I had relegated peanuts in Coca-Cola to a distant childhood memory until this summer when Coach Jimbo Fisher of Florida State dumped some peanuts in his Coca-Cola during ACC media days. The non-Southern press in attendance was flabbergasted and felt the need to address this odd behavior in multiple columns which then led to a deluge of online responses, contradictions, and opinions. We Southerners who grew up with peanuts in Coke as a normal treat were a little bemused by the brouhaha. While I suspect that this tradition is more familiar to Baby Boomers and their parents than to younger generations, I asked a recent class of college-age students how many of them had heard of or had peanuts in Coca-Cola and was surprised at how many hands went up. A few of them opted for RC Cola instead of Coke. I can accept that.
The resurgence of peanuts in Coca-Cola as a topic of conversation in the 21st century surprised me as much as the emergence of one of my guilty pleasure road treats – fried pork rinds – as a healthier junk food choice (no carbs, high protein, low-fat and a high percentage of the same healthy unsaturated fats as olive oil – go figure).
There is a long tradition of Coke in recipes. “Atlanta Brisket” – brisket glazed with cola – has been around for a while and “America’s Test Kitchen” did a version of it fairly recently. “Coca-Cola Cake” is a mainstay of Southern cookbooks and I have seen a Coca-Cola cake with a peanut glaze inspired by the classic peanuts in Coke tradition.
Bartenders are constantly upgrading the football Saturday stalwart bourbon and Coke into more sophisticated renderings such as the “Reengineered Bourbon and Coke Cocktail” recently featured in Garden and Gun magazine. Even more to the point, I recently heard that a place in Birmingham has a cocktail called the “Tallulah” which is made of Coca-Cola, peanut syrup, and Jack Daniel’s. An investigation is in order.
North Carolina chef Vivian Howard, in an episode of her PBS show “A Chef’s Life,” explored the North Carolina tradition of putting peanuts in Pepsi. I have a lot of respect for Chef Howard and she is a wonderful chef, but this will not do. Howard’s Pepsi and peanuts exploration did, however, lead to what looked like a great recipe of Pepsi-glazed pork belly with country ham braised peanuts. I bet it would be even better with a Coke glaze.

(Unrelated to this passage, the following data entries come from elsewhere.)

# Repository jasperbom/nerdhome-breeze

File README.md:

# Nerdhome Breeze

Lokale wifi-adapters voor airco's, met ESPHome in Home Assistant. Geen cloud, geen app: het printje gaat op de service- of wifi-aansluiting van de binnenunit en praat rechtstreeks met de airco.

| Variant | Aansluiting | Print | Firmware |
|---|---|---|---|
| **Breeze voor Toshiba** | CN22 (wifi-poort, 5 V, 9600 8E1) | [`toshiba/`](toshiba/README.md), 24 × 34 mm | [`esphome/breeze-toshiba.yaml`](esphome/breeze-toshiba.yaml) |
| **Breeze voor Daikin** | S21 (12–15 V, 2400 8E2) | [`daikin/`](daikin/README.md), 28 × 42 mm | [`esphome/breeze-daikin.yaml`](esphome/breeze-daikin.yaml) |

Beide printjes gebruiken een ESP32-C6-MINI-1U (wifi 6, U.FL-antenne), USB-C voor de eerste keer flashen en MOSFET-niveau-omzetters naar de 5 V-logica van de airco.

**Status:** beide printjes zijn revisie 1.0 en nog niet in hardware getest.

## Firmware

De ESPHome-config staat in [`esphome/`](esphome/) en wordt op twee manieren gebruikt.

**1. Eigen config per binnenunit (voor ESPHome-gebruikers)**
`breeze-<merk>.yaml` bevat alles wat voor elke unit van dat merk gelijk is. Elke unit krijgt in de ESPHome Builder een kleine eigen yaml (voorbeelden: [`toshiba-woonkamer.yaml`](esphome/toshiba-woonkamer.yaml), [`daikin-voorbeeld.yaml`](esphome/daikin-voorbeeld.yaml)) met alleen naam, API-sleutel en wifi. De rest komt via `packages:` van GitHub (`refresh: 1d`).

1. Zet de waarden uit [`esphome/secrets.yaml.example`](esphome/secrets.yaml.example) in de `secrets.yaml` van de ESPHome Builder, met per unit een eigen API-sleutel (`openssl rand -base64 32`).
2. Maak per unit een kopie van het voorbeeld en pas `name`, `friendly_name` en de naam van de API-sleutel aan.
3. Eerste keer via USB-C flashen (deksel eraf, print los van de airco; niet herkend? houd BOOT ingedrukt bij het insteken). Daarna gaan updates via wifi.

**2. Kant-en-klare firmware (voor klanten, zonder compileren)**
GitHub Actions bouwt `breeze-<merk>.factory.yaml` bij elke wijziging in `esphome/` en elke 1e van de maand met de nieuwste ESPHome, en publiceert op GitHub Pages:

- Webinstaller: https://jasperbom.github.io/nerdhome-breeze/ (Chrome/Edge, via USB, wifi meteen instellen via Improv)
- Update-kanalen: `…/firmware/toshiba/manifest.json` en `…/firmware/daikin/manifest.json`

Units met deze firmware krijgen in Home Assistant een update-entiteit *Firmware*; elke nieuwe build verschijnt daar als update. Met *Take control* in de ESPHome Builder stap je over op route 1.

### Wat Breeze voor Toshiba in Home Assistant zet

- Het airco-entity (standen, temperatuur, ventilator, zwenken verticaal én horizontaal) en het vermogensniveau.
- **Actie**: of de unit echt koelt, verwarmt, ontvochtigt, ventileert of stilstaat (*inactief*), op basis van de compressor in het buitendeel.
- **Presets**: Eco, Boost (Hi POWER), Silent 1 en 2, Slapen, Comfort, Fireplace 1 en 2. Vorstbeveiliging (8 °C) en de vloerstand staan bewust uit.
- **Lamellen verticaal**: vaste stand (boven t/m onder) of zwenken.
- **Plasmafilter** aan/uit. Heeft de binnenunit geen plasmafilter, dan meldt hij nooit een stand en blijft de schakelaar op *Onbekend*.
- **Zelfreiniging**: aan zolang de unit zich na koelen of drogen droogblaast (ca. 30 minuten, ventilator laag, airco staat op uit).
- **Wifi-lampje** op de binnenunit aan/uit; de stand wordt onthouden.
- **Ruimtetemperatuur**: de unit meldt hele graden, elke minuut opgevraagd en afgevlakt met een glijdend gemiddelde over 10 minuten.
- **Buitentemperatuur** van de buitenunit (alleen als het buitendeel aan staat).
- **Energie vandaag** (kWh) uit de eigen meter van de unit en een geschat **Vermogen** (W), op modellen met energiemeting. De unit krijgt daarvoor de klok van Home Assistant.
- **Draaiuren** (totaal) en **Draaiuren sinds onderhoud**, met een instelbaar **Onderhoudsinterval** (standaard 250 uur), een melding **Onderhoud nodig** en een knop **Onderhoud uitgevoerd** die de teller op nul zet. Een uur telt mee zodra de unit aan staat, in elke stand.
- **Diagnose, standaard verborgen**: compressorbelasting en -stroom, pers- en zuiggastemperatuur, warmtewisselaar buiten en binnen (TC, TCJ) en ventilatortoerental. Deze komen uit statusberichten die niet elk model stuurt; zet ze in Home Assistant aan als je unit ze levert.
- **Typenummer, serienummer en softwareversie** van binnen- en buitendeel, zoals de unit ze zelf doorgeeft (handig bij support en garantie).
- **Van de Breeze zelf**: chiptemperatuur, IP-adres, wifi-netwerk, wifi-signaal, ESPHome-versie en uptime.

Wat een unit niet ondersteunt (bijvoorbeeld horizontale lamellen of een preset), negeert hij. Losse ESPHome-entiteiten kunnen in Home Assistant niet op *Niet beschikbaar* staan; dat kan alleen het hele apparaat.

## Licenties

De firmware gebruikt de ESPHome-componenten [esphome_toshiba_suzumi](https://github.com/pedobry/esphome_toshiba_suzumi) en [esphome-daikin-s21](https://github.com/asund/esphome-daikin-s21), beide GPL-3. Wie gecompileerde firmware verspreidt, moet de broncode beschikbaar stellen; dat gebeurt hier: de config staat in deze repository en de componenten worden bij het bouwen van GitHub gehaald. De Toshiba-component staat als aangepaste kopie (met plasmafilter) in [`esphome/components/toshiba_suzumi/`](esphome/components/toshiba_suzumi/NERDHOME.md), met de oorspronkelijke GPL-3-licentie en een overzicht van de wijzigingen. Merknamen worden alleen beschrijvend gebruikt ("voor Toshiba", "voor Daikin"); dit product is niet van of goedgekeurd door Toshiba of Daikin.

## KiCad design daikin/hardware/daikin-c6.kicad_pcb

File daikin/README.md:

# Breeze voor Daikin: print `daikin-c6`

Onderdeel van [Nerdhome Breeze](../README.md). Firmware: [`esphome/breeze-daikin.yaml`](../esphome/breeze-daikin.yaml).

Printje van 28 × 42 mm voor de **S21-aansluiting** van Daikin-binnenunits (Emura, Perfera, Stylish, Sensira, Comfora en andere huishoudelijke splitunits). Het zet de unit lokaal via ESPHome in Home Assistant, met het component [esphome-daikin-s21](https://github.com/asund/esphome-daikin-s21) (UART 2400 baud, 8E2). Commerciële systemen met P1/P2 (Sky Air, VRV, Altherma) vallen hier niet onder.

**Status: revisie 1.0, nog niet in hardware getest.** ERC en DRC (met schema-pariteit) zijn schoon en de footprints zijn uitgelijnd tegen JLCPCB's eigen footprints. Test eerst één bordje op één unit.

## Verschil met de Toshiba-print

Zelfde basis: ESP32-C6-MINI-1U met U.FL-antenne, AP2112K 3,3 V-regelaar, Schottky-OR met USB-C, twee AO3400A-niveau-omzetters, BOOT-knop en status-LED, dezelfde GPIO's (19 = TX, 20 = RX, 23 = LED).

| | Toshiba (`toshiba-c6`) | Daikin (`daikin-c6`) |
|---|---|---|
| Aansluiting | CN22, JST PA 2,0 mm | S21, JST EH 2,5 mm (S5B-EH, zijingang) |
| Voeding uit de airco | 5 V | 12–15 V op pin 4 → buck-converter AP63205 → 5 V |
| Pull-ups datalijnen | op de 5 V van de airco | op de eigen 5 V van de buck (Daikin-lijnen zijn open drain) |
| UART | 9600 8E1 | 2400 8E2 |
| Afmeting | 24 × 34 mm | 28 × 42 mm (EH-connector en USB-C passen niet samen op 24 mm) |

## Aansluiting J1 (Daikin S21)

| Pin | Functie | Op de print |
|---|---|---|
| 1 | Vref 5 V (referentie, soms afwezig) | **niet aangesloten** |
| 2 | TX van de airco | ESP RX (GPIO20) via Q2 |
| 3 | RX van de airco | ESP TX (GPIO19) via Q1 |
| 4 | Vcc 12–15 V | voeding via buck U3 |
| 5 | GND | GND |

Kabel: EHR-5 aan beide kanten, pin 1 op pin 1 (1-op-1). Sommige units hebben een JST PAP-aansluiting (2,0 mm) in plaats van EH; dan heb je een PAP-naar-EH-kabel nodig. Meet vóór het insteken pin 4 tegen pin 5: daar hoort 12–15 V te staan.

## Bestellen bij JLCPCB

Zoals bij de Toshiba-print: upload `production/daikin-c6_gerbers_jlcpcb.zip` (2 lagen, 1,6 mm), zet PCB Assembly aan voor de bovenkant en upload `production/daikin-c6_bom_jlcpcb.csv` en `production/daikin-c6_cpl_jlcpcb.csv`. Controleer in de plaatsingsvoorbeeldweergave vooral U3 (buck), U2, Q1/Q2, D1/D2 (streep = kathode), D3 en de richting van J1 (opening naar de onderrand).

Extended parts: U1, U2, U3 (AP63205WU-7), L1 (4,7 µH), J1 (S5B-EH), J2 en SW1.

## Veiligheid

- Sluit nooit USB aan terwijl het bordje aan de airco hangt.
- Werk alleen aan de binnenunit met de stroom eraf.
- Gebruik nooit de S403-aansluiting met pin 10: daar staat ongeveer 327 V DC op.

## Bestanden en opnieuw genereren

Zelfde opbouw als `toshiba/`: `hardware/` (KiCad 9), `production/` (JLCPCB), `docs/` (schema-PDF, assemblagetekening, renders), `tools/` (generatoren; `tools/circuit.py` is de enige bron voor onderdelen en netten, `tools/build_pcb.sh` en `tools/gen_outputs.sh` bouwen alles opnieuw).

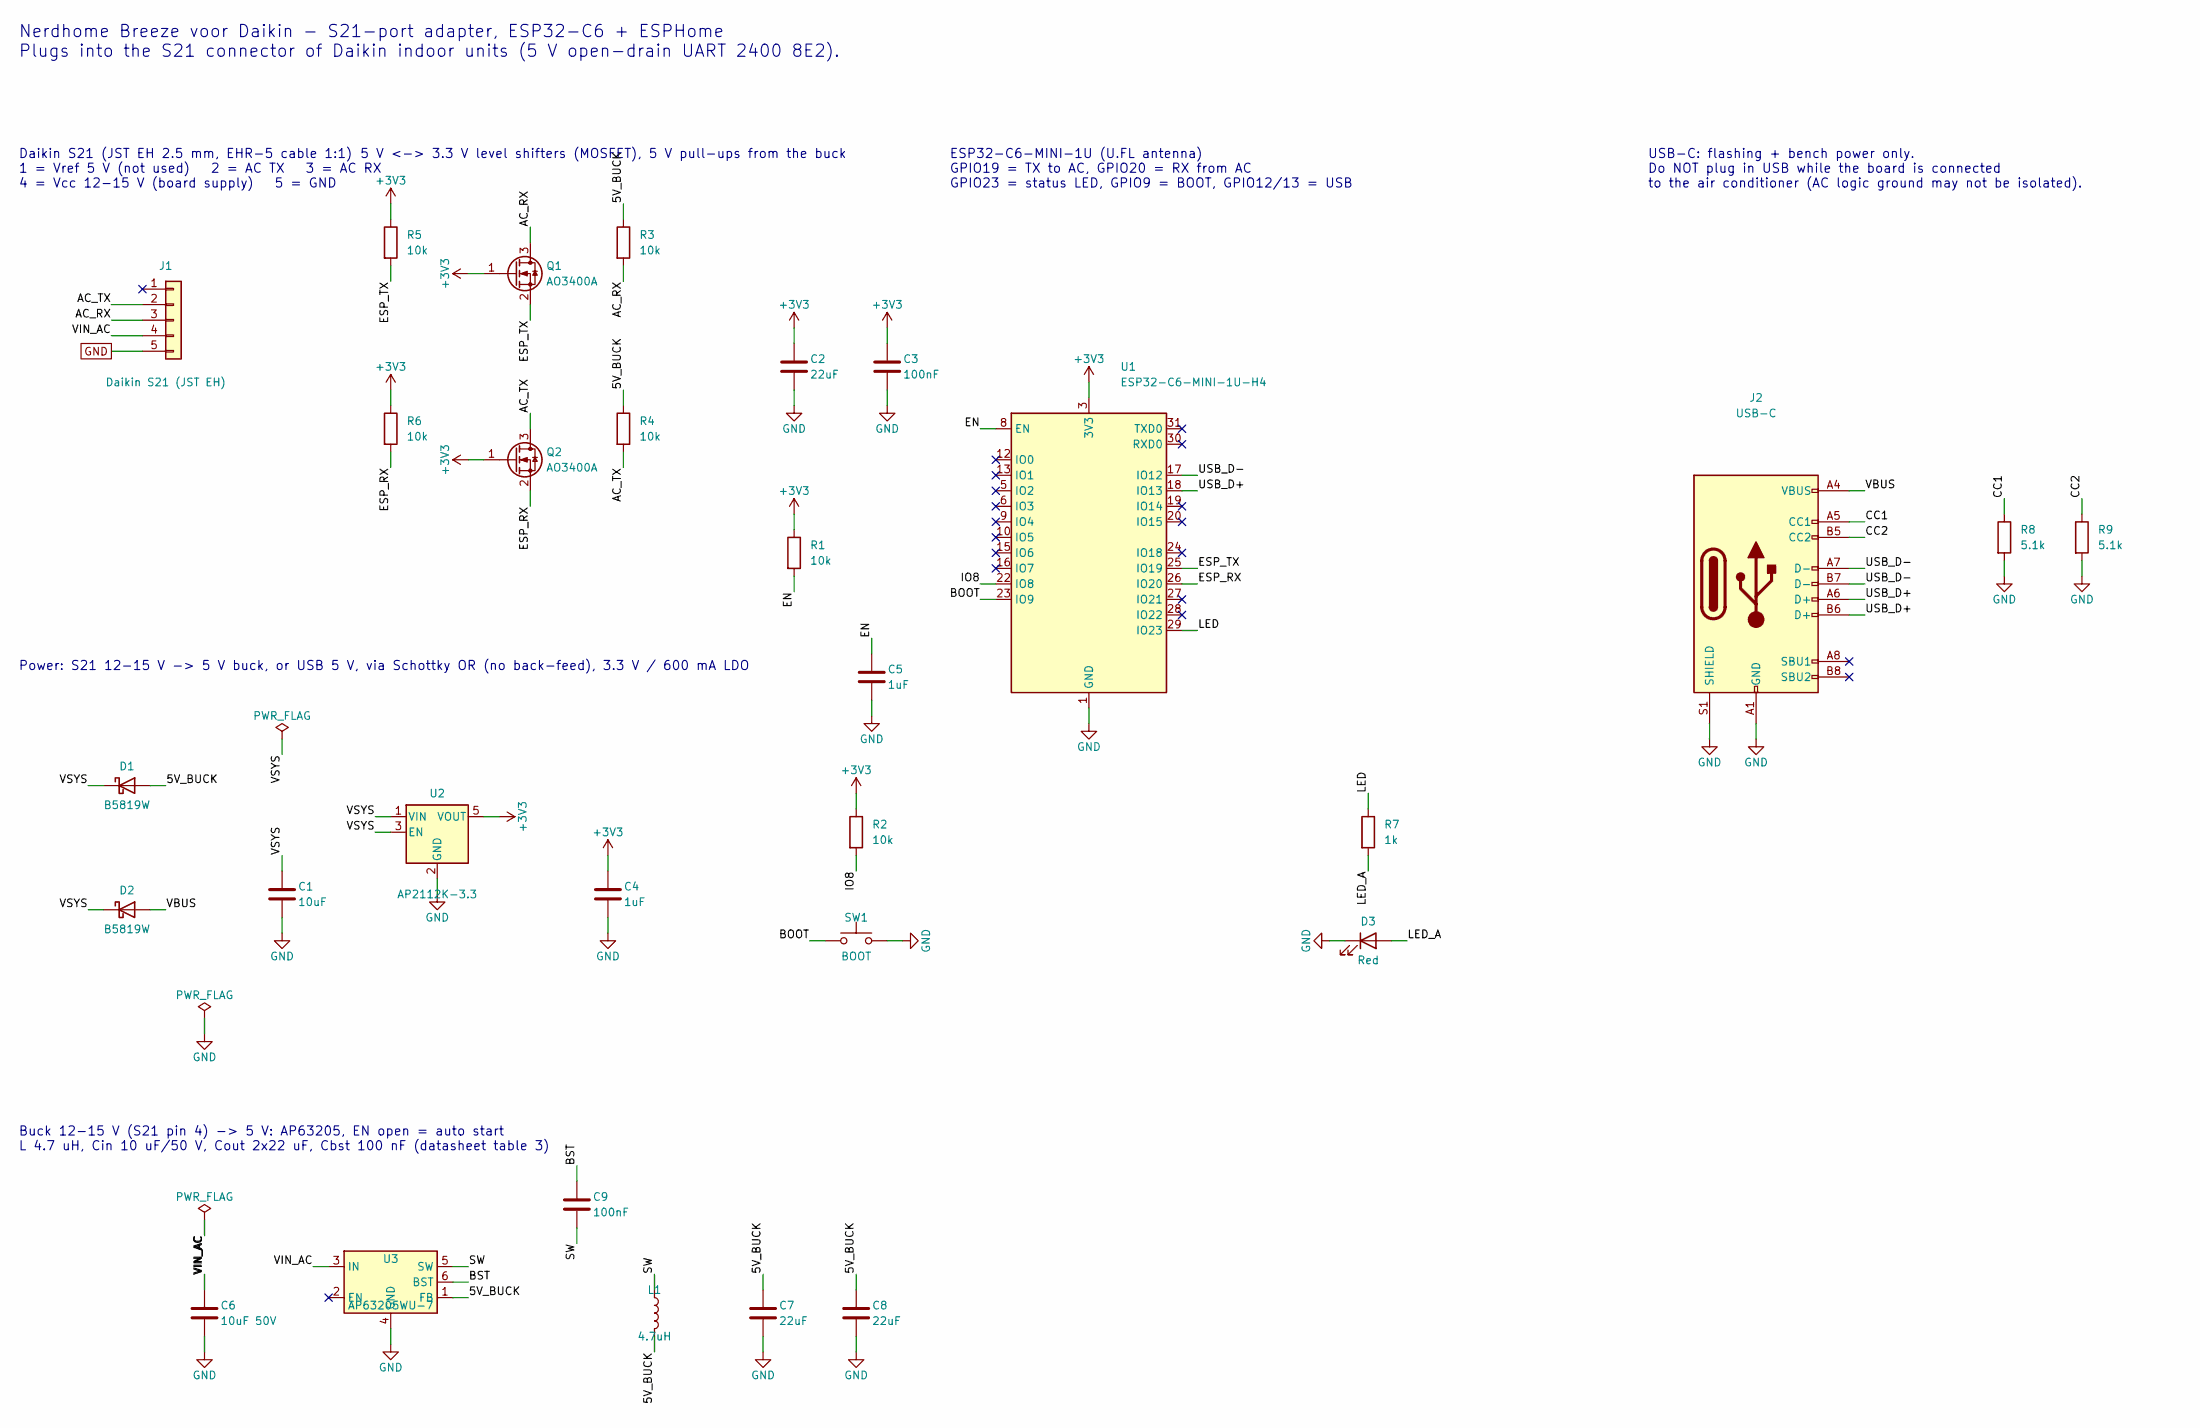
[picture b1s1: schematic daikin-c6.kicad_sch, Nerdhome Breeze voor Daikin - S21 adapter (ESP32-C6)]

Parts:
C1: 10uF; C_0603_1608Metric; MPN CL10A106KP8NNNC; LCSC C19702
C2, C7, C8: 22uF; C_0805_2012Metric; MPN CL21A226MAQNNNE; LCSC C45783
C3, C9: 100nF; C_0402_1005Metric; MPN CL05B104KO5NNNC; LCSC C1525
C4, C5: 1uF; C_0402_1005Metric; MPN CL05A105KA5NQNC; LCSC C52923
C6: 10uF 50V; C_1206_3216Metric; MPN CL31A106KBHNNNE; LCSC C13585
D1, D2: B5819W; D_SOD-123; MPN B5819W SL; LCSC C8598
D3: Red; LED_0603_1608Metric; MPN KT-0603R; LCSC C2286
J1: Daikin S21 (JST EH); JST_EH_S5B-EH_1x05_P2.50mm_Horizontal; MPN S5B-EH(LF)(SN); LCSC C265103
J2: USB-C; USB_C_Receptacle_HRO_TYPE-C-31-M-12; MPN TYPE-C-31-M-12; LCSC C165948
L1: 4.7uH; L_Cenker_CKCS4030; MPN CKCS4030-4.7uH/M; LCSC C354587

After teaching a Saturday class in Huntsville this past weekend, I hopped in the car to drive to Birmingham for a quick visit. Stopping for gas outside Decatur, I spotted an 8 oz. Coke in a glass bottle in the drinks case. I grabbed it and a sleeve of Golden Flake salted peanuts and headed to the car. I downed a few gulps of the Coke, emptied the peanuts into the bottle, and headed south on I-65 listening to the radio and the pre-game shows leading up to the Alabama-Ole Miss game. It has been at least forty years since I indulged in peanuts in Coca-Cola. I was transported back to football Saturdays growing up and “The Bear Bryant Show” on television each Sunday after game days. Coca-Cola and Golden Flake potato chips sponsored the show (“’Great pair’, says The Bear”).
It was an exhilarating drive.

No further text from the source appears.